Extracted records
=== Section Start ===
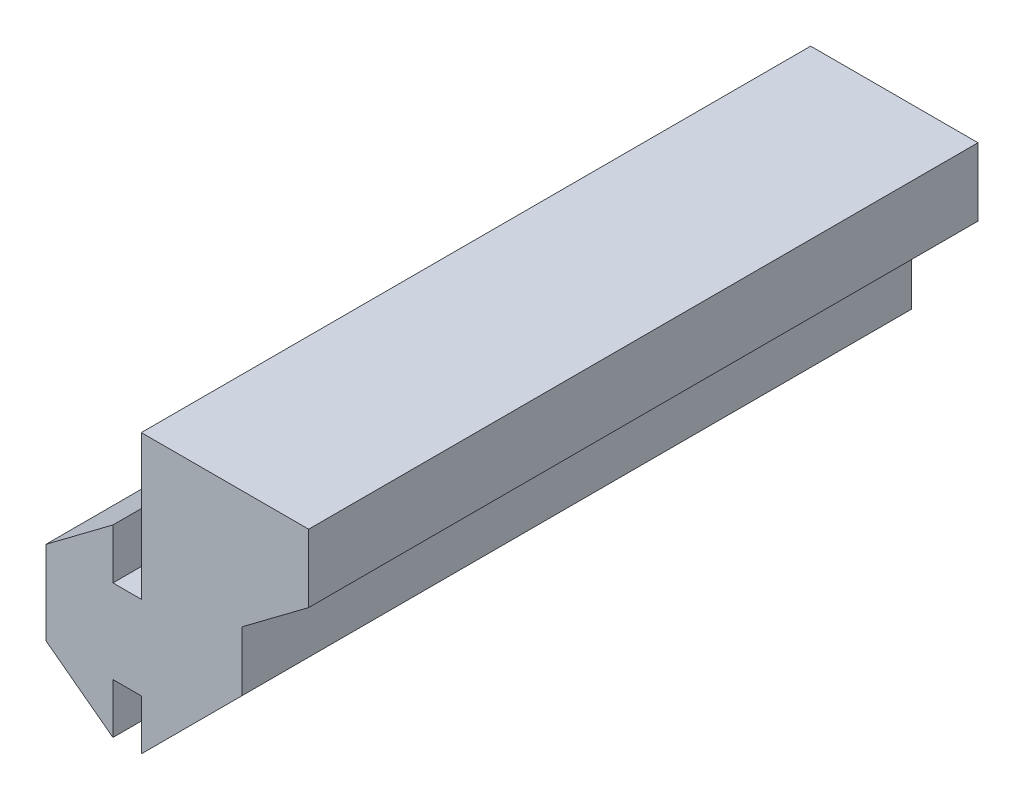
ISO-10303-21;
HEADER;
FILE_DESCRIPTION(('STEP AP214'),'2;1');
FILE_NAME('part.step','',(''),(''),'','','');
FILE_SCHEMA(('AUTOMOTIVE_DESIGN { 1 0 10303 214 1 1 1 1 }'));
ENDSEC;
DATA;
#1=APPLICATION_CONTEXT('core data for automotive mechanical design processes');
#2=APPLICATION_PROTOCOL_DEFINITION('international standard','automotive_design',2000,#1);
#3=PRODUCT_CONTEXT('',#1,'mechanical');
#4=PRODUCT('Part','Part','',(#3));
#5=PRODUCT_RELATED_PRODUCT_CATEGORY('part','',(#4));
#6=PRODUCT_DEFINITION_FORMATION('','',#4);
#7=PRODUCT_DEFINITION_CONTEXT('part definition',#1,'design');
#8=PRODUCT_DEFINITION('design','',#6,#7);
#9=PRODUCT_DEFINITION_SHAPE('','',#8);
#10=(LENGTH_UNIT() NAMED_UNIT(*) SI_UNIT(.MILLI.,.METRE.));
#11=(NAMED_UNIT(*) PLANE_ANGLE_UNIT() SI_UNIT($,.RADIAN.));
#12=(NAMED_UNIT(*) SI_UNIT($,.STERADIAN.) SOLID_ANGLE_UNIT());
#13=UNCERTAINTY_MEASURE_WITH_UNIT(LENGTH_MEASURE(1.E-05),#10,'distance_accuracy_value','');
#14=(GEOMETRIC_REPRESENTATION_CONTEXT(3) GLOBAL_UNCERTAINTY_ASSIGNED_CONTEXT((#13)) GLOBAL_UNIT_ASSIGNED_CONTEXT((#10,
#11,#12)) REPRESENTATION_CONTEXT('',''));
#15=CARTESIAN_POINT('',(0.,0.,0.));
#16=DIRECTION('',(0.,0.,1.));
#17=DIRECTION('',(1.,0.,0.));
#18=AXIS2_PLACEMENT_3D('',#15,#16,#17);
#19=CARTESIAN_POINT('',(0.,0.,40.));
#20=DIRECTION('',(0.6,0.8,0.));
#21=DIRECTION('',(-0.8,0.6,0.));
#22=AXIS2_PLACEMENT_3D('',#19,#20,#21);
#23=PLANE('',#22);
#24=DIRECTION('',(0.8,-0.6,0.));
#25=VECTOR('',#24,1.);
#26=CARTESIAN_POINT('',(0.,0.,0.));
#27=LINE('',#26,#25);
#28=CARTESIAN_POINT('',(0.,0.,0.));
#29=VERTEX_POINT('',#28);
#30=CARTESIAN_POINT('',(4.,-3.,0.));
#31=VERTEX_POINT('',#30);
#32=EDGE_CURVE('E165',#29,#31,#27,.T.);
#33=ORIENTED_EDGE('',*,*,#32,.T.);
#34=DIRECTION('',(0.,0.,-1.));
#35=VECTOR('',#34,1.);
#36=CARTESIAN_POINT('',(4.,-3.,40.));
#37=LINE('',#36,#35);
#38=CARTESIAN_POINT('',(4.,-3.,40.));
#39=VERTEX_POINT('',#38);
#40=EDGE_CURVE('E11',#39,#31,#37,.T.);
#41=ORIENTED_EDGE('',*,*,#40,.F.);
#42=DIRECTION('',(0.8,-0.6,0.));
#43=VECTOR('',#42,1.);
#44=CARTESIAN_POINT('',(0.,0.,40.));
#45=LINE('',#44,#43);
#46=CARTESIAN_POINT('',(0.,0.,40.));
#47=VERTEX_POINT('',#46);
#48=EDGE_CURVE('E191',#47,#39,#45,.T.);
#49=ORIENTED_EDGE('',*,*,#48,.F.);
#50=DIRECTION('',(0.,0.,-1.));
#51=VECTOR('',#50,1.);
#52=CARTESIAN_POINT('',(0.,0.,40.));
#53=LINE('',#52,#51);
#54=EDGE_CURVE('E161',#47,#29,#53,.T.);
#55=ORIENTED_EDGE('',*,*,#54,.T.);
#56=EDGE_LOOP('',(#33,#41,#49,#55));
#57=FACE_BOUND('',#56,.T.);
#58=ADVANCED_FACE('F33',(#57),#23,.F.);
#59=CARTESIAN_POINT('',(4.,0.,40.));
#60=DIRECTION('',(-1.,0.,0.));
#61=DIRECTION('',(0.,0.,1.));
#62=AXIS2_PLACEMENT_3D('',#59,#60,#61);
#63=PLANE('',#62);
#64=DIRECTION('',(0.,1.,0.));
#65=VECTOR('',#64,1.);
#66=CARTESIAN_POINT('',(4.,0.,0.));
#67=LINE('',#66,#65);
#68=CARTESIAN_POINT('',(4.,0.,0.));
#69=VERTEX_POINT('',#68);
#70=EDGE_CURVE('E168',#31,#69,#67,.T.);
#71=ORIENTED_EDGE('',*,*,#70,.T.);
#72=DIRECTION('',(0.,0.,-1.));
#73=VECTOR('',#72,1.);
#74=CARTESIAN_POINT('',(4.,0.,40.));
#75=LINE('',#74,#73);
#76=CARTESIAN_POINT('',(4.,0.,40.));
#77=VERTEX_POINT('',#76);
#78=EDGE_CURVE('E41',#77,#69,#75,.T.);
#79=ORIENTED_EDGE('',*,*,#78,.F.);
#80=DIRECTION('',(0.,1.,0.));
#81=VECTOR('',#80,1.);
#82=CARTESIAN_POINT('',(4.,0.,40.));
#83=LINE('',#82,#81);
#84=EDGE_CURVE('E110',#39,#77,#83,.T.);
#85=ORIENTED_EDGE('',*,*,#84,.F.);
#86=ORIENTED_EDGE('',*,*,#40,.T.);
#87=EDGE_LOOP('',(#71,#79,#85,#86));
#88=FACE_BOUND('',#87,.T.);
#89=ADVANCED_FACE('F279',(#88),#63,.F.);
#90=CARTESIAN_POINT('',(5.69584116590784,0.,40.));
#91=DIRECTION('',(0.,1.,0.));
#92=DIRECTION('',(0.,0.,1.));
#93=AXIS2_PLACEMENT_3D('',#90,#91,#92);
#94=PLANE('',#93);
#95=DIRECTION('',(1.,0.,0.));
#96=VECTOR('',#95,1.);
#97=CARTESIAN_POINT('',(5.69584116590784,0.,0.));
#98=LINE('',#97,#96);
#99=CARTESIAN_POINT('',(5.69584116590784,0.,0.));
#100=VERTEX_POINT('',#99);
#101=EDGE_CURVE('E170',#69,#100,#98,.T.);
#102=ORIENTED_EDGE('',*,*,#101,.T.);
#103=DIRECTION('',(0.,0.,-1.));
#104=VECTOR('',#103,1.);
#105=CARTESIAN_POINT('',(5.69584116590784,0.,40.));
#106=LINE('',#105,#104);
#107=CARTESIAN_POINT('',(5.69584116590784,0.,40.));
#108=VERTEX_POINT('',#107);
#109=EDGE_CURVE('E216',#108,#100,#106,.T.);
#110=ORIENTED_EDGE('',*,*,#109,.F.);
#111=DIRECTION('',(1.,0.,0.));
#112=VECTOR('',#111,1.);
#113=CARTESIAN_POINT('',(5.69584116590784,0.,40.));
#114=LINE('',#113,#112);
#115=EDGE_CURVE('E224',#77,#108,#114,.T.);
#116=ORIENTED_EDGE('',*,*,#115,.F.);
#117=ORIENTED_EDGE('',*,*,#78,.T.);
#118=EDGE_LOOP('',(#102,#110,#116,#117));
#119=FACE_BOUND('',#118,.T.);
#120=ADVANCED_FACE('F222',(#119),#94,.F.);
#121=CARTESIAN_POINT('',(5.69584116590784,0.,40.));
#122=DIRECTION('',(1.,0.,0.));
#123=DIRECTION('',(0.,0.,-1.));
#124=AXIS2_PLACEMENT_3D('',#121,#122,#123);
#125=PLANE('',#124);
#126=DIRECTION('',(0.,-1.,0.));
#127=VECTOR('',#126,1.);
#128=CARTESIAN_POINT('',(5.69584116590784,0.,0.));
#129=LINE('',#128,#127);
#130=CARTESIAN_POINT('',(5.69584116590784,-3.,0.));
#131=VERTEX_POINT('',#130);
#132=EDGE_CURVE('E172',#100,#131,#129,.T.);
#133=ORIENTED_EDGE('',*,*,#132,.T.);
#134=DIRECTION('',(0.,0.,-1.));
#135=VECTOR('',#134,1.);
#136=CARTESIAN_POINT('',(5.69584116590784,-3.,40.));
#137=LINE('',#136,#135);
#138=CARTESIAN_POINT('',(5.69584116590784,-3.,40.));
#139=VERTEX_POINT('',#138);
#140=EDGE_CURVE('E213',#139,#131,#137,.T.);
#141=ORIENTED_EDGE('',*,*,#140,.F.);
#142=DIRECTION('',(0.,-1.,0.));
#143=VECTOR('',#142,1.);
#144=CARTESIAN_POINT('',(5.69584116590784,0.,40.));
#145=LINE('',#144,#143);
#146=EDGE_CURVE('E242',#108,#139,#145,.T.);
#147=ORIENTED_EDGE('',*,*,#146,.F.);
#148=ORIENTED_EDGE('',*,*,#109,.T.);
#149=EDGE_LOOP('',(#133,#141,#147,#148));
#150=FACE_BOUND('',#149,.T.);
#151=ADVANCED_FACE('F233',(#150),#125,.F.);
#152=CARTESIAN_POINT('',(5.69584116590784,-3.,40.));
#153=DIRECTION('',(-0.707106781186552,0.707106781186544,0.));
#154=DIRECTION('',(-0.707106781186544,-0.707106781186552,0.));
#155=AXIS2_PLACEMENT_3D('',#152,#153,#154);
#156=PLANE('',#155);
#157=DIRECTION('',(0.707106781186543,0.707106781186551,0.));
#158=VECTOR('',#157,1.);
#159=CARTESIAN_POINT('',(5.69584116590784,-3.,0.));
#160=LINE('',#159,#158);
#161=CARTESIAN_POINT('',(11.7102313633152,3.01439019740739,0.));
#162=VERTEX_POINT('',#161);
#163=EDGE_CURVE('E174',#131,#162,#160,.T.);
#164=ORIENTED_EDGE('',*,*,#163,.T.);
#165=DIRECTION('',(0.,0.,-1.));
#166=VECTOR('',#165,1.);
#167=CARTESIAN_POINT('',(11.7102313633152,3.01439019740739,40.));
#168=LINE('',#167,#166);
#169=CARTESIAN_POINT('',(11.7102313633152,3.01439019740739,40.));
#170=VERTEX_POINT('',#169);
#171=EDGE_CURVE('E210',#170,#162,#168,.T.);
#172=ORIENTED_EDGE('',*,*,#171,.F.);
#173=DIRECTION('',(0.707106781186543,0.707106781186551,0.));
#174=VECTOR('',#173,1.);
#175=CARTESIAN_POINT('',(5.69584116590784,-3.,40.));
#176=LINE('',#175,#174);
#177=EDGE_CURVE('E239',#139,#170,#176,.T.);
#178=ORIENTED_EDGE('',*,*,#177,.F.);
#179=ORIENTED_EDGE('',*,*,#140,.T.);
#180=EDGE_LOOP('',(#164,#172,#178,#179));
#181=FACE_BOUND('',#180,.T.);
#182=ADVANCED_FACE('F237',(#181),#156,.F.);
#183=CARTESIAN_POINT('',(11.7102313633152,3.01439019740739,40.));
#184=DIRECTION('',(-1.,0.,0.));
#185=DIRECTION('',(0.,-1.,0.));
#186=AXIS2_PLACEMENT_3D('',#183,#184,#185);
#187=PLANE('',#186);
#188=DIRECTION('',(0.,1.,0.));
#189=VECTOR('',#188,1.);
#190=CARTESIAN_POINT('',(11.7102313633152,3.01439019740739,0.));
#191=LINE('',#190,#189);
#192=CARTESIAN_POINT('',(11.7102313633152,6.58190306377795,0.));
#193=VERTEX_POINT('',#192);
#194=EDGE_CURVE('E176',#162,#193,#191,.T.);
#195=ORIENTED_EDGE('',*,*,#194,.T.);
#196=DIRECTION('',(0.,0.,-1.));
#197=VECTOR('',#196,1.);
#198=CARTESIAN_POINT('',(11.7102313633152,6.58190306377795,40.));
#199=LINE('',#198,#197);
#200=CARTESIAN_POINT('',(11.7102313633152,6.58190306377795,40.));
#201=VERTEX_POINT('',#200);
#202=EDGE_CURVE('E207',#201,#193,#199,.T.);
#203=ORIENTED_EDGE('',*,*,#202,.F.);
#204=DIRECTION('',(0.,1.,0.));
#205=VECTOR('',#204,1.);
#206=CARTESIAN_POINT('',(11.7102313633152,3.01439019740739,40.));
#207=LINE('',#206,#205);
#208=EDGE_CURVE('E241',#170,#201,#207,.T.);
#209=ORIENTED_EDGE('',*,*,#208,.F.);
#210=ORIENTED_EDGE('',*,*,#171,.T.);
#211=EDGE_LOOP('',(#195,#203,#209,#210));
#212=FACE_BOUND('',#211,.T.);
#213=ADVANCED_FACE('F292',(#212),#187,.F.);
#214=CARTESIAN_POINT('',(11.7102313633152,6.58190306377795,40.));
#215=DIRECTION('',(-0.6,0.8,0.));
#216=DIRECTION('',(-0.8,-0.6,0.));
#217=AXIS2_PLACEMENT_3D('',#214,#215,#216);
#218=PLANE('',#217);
=== Section End ===
Copy out, exactly and alone, the lines of the entries above between the ones holding "#165=DIRECTION('',(0.,0.,-1.));" and "#174=VECTOR('',#173,1.);", inclusive.

RESPONSE TO THE EXERCISE -
#165=DIRECTION('',(0.,0.,-1.));
#166=VECTOR('',#165,1.);
#167=CARTESIAN_POINT('',(11.7102313633152,3.01439019740739,40.));
#168=LINE('',#167,#166);
#169=CARTESIAN_POINT('',(11.7102313633152,3.01439019740739,40.));
#170=VERTEX_POINT('',#169);
#171=EDGE_CURVE('E210',#170,#162,#168,.T.);
#172=ORIENTED_EDGE('',*,*,#171,.F.);
#173=DIRECTION('',(0.707106781186543,0.707106781186551,0.));
#174=VECTOR('',#173,1.);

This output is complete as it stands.